> **Exercise**:
Gather all lines in the entries that include the word "type".

+++ Data for review +++

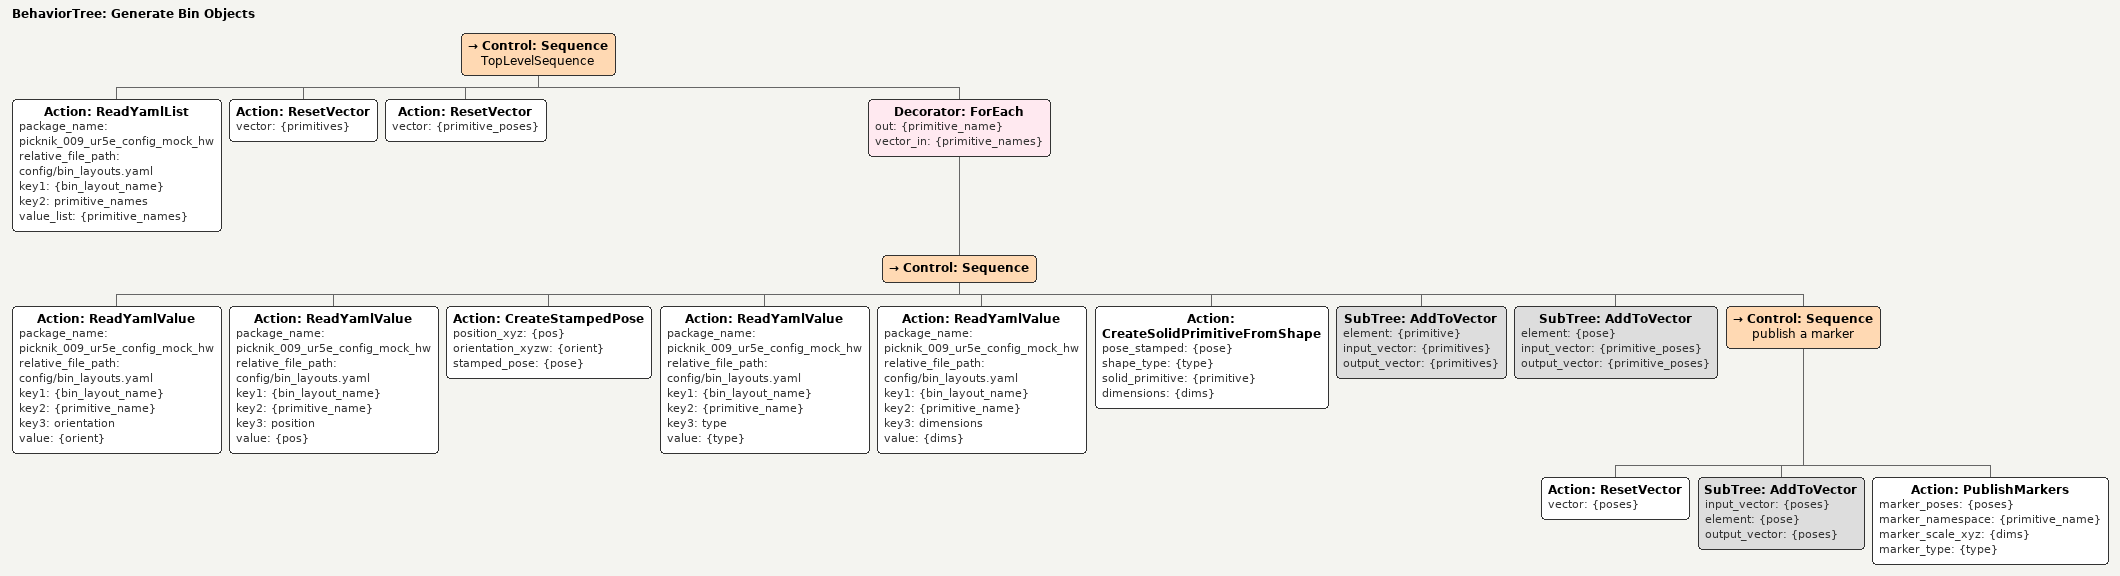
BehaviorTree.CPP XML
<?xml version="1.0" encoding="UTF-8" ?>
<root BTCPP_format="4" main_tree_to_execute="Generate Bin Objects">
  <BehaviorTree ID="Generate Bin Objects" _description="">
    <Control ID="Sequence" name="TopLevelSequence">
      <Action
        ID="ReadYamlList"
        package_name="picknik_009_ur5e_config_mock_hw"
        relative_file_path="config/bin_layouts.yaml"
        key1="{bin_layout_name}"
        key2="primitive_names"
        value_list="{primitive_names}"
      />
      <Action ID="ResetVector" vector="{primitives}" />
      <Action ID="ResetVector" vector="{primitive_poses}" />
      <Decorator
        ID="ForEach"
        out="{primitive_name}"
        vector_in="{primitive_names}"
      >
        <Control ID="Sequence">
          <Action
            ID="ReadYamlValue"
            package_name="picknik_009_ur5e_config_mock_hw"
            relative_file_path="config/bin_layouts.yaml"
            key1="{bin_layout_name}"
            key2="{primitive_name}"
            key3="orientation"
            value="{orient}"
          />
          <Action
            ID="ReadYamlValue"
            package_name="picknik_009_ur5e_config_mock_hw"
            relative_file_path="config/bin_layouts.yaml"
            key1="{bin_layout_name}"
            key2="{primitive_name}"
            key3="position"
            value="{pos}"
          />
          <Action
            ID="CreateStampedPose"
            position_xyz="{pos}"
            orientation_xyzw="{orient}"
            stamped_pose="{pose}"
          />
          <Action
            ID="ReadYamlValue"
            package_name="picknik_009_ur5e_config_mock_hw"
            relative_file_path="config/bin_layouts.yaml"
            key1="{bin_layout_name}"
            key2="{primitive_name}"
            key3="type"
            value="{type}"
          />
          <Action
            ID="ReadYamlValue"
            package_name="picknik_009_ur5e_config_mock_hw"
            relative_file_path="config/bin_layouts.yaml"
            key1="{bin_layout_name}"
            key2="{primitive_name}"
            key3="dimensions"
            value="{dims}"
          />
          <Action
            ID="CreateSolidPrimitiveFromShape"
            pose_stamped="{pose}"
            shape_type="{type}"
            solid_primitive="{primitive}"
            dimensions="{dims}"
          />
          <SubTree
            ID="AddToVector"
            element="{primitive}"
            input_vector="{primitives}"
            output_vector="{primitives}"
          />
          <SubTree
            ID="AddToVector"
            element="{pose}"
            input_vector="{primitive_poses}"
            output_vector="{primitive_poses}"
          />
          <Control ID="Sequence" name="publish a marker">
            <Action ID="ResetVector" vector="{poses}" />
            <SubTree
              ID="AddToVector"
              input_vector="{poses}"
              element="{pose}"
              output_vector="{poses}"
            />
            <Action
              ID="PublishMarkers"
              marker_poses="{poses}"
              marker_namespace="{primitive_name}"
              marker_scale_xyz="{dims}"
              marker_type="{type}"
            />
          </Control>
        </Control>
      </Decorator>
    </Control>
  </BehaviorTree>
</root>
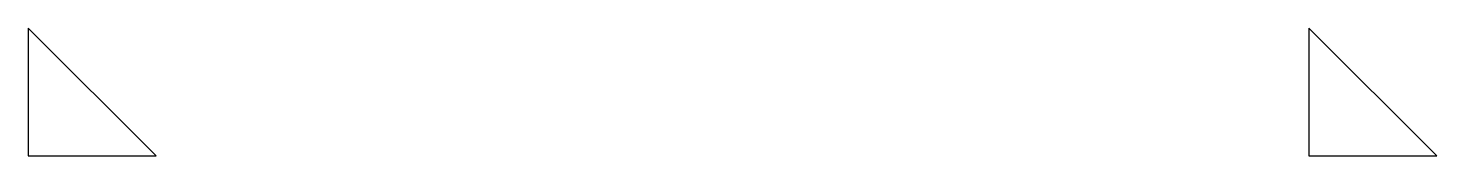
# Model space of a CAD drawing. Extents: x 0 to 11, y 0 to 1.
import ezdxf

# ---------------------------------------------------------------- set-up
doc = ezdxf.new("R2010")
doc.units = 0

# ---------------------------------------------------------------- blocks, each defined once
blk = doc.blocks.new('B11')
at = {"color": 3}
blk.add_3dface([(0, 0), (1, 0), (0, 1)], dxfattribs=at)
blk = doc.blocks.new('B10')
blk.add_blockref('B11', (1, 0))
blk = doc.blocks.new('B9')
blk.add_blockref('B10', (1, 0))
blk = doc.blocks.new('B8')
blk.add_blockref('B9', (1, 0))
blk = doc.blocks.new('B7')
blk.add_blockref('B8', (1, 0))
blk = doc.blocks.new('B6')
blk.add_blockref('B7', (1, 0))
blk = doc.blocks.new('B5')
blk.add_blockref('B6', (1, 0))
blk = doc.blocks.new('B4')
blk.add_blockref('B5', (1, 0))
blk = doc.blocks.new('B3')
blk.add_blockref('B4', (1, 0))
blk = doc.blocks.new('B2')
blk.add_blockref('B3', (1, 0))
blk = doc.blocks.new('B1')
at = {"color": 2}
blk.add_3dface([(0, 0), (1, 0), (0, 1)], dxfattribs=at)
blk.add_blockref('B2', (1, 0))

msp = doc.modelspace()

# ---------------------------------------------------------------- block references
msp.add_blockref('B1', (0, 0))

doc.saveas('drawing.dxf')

+++

> **Output for this task**:
            key3="type"
            value="{type}"
            shape_type="{type}"
              marker_type="{type}"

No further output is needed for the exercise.